Mutual Contrastive Learning to Disentangle Whole Slide Image
Representations for Glioma Grading
- URL: http://arxiv.org/abs/2203.04013v1
- Date: Tue, 8 Mar 2022 11:08:44 GMT
- Title: Mutual Contrastive Learning to Disentangle Whole Slide Image
Representations for Glioma Grading
- Authors: Lipei Zhang, Yiran Wei, Ying Fu, Stephen Price, Carola-Bibiane
Sch\"onlieb and Chao Li
- Abstract summary: Whole slide images (WSI) provide valuable phenotypic information for histological malignancy assessment and grading of tumors.
The most commonly used WSI are derived from formalin-fixed paraffin-embedded (FFPE) and frozen sections.
Here we propose a mutual contrastive learning scheme to integrate FFPE and frozen sections and disentangle cross-modality representations for glioma grading.

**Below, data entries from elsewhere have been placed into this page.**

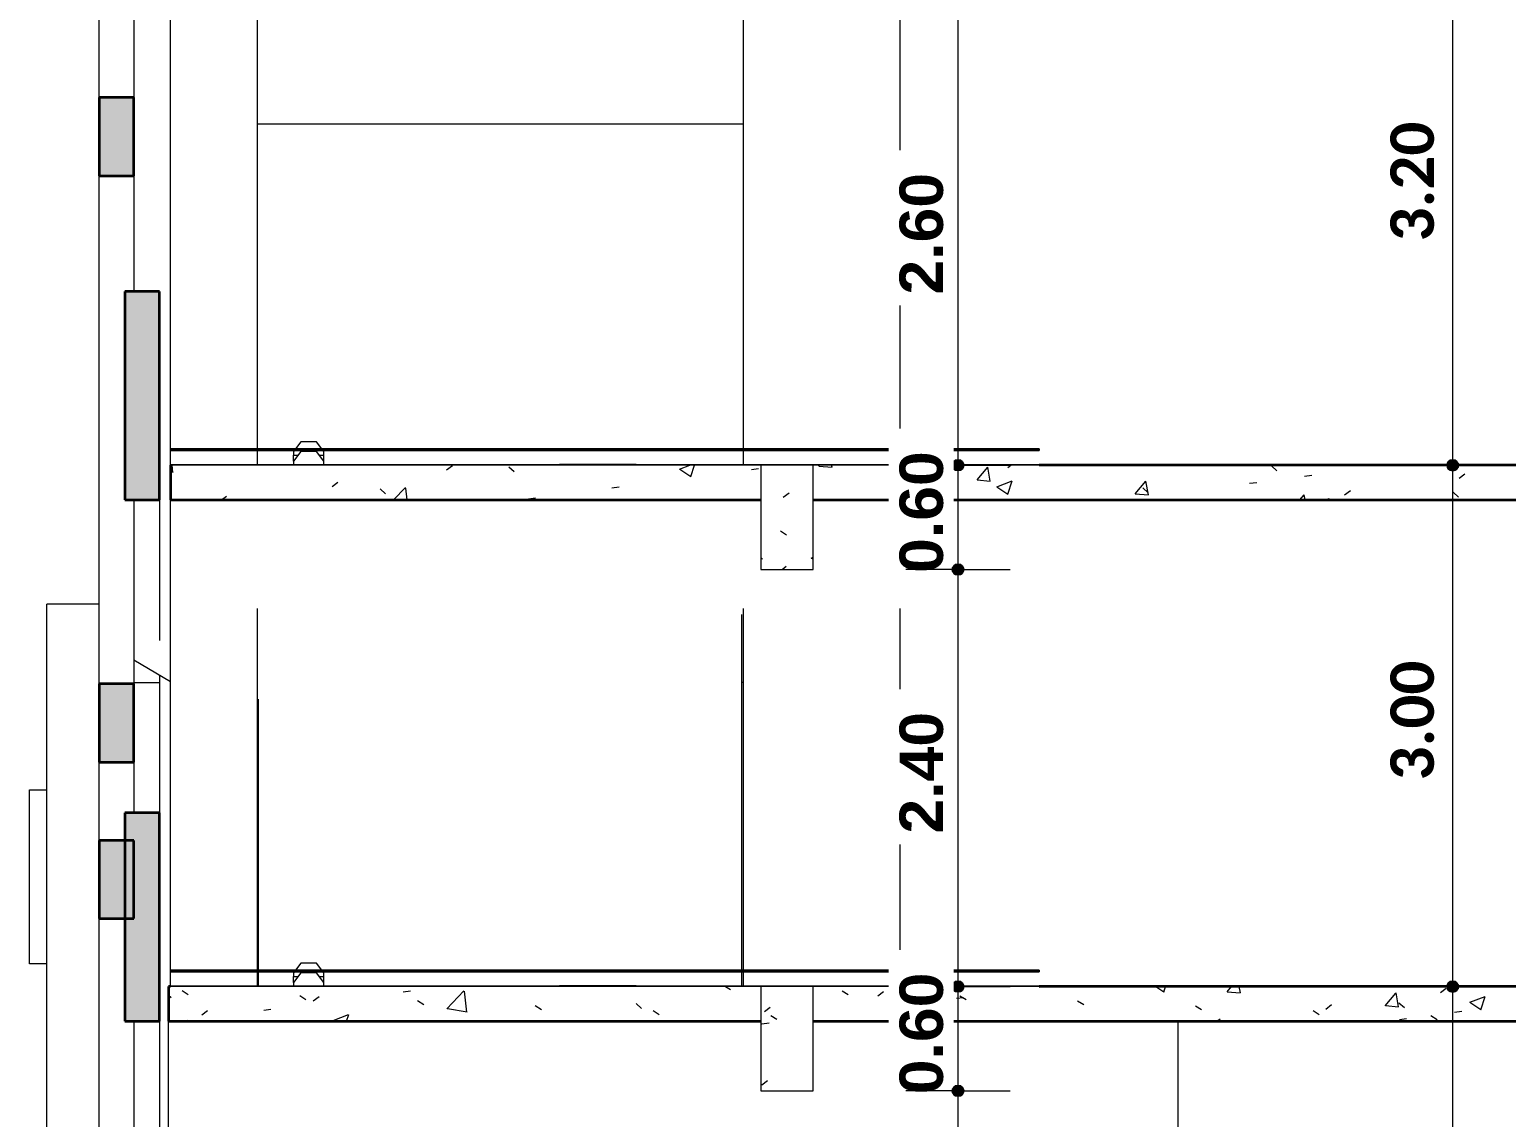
# Model space of a CAD drawing. Header units: metres. Extents: x -144 to 1000, y -717 to 29.
# Drawn here: x 218 to 226.5, y -653.02 to -646.76 of the extents above; entities that cross this region are included whole.
import ezdxf

# ---------------------------------------------------------------- set-up
doc = ezdxf.new("R2010")
doc.units = ezdxf.units.M
doc.layers.get('0').update_dxf_attribs({"color": 1})
for name, color, linetype, lineweight in [('A-ANNO-DIMS', 1, 'Continuous', 9), ('A-DETL-GENF', 1, 'Continuous', 9), ('A-DETL-THIN', 1, 'Continuous', 9), ('A-FLOR', 2, 'Continuous', 9), ('A-FLOR-PATT', 8, 'Continuous', 50), ('A-GENM', 1, 'Continuous', 9), ('A-WALL', 4, 'Continuous', 9), ('C-PRKG', 2, 'Continuous', 9), ('S-COLS', 7, 'Continuous', 9)]:
    doc.layers.add(name, color=color, linetype=linetype, lineweight=lineweight)
doc.layers.add('A-WALL-PATT', color=7, linetype='Continuous', lineweight=35, true_color=0x9c9c9c)
doc.styles.add('Arial Black_B', font='ariblk.ttf', dxfattribs={"width": 0.9, "height": 0.1875})
doc.styles.add('Calibri_B', font='calibrib.ttf', dxfattribs={"height": 0.165})

# ---------------------------------------------------------------- blocks, each defined once
blk = doc.blocks.new('ololo')
at = {"layer": 'A-ANNO-DIMS', "lineweight": 25, "true_color": 0x008000}
h = blk.add_hatch(color=96, dxfattribs=at)
edge = h.paths.add_edge_path()
edge.add_arc((223.3459, -649.2686), 0.0312, 0, 360)
h = blk.add_hatch(color=96, dxfattribs=at)
edge = h.paths.add_edge_path()
edge.add_arc((223.3459, -649.2686), 0.0312, 0, 360)
at = {"layer": 'A-ANNO-DIMS', "lineweight": 25}
h = blk.add_hatch(color=256, dxfattribs=at)
edge = h.paths.add_edge_path()
edge.add_arc((226.1945, -649.2686), 0.0313, 0, 360)
h = blk.add_hatch(color=256, dxfattribs=at)
edge = h.paths.add_edge_path()
edge.add_arc((226.1945, -649.2686), 0.0313, 0, 360)
at = {"layer": 'A-ANNO-DIMS', "lineweight": 25, "true_color": 0x008000}
h = blk.add_hatch(color=96, dxfattribs=at)
edge = h.paths.add_edge_path()
edge.add_arc((223.3459, -649.8686), 0.0312, 0, 360)
h = blk.add_hatch(color=96, dxfattribs=at)
edge = h.paths.add_edge_path()
edge.add_arc((223.3459, -652.2686), 0.0312, 0, 360)
h = blk.add_hatch(color=96, dxfattribs=at)
edge = h.paths.add_edge_path()
edge.add_arc((223.3459, -652.2686), 0.0312, 0, 360)
at = {"layer": 'A-ANNO-DIMS', "lineweight": 25}
h = blk.add_hatch(color=256, dxfattribs=at)
edge = h.paths.add_edge_path()
edge.add_arc((226.1945, -652.2686), 0.0313, 0, 360)
h = blk.add_hatch(color=256, dxfattribs=at)
edge = h.paths.add_edge_path()
edge.add_arc((226.1945, -652.2686), 0.0313, 0, 360)
at = {"layer": 'A-ANNO-DIMS', "lineweight": 25, "true_color": 0x008000}
h = blk.add_hatch(color=96, dxfattribs=at)
edge = h.paths.add_edge_path()
edge.add_arc((223.3459, -652.8686), 0.0312, 0, 360)
at = {"layer": 'A-WALL-PATT', "lineweight": 5, "true_color": 0x747474}
h = blk.add_hatch(color=8, dxfattribs=at)
h.paths.add_polyline_path([(218.4015, -653.5187), (218.6015, -653.5186), (218.6015, -653.3154), (218.4015, -653.3154)])
h.paths.add_polyline_path([(218.5502, -651.8774), (218.5502, -651.4274), (218.4015, -651.4274), (218.4015, -651.8774)])
h.paths.add_polyline_path([(218.6015, -650.9774), (218.6015, -650.5274), (218.4015, -650.5274), (218.4015, -650.9774), (218.5502, -650.9774)])
h.paths.add_polyline_path([(218.6015, -647.6024), (218.6015, -647.1524), (218.4015, -647.1524), (218.4015, -647.6024)])
h.paths.add_polyline_path([(218.6015, -645.3377), (218.6015, -645.2654), (218.4015, -645.2654), (218.4015, -645.3377)])
h = blk.add_hatch(color=8, dxfattribs=at)
h.paths.add_polyline_path([(218.7502, -652.4686), (218.7502, -651.2686), (218.5502, -651.2686), (218.5502, -652.4686), (218.6015, -652.4686)])
h.paths.add_polyline_path([(218.5502, -649.4686), (218.7502, -649.4686), (218.7502, -648.2686), (218.5502, -648.2686), (218.5502, -649.2686)])
at = {"layer": 'A-ANNO-DIMS'}
for p, q in [((226.1945, -649.2686), (226.1945, -646.0654)), ((226.1945, -649.2686), (225.8945, -649.2686)), ((226.1945, -649.2686), (225.8945, -649.2686)), ((226.1945, -652.2686), (226.1945, -649.2686)), ((226.1945, -649.2686), (226.4945, -649.2686)), ((226.1945, -649.2686), (226.4945, -649.2686)), ((226.1945, -652.2686), (225.8945, -652.2686)), ((226.1945, -652.2686), (225.8945, -652.2686)), ((226.1945, -655.5894), (226.1945, -652.2686)), ((226.1945, -652.2686), (226.4945, -652.2686)), ((226.1945, -652.2686), (226.4945, -652.2686))]:
    blk.add_line(p, q, dxfattribs=at)
at = {"layer": 'A-ANNO-DIMS', "color": 96, "true_color": 0x008000}
for p, q in [((223.3459, -646.6654), (223.3459, -649.2686)), ((223.3459, -649.2686), (223.0459, -649.2686)), ((223.3459, -649.2686), (223.0459, -649.2686)), ((223.3459, -649.2686), (223.6459, -649.2686)), ((223.3459, -649.2686), (223.3459, -649.8686)), ((223.3459, -649.2686), (223.6459, -649.2686)), ((223.3459, -649.8686), (223.0459, -649.8686)), ((223.3459, -649.8686), (223.6459, -649.8686)), ((223.3459, -652.2686), (223.0459, -652.2686)), ((223.3459, -652.2686), (223.0459, -652.2686)), ((223.3459, -652.2686), (223.6459, -652.2686)), ((223.3459, -652.2686), (223.3459, -652.8686)), ((223.3459, -652.2686), (223.6459, -652.2686)), ((223.3459, -652.8686), (223.0459, -652.8686)), ((223.3459, -652.8686), (223.6459, -652.8686))]:
    blk.add_line(p, q, dxfattribs=at)
at = {"layer": 'A-ANNO-DIMS', "color": 96, "lineweight": 25, "true_color": 0x008000}
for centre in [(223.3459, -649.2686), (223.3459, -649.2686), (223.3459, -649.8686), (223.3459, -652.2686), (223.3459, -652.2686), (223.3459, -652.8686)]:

- Score: 10.65788461379405
- License: http://arxiv.org/licenses/nonexclusive-distrib/1.0/
- Abstract: Whole slide images (WSI) provide valuable phenotypic information for
histological assessment and malignancy grading of tumors. The WSI-based
computational pathology promises to provide rapid diagnostic support and
facilitate digital health. The most commonly used WSI are derived from
formalin-fixed paraffin-embedded (FFPE) and frozen sections. Currently, the
majority of automatic tumor grading models are developed based on FFPE
sections, which could be affected by the artifacts introduced by tissue
processing. Here we propose a mutual contrastive learning scheme to integrate
FFPE and frozen sections and disentangle cross-modality representations for
glioma grading. We first design a mutual learning scheme to jointly optimize
the model training based on FFPE and frozen sections. Further, we develop a
multi-modality domain alignment mechanism to ensure semantic consistency in the
backbone model training. We finally design a sphere normalized
temperature-scaled cross-entropy loss (NT-Xent), which could promote
cross-modality representation disentangling of FFPE and frozen sections. Our
experiments show that the proposed scheme achieves better performance than the
model trained based on each single modality or mixed modalities. The sphere
NT-Xent loss outperforms other typical metrics loss functions.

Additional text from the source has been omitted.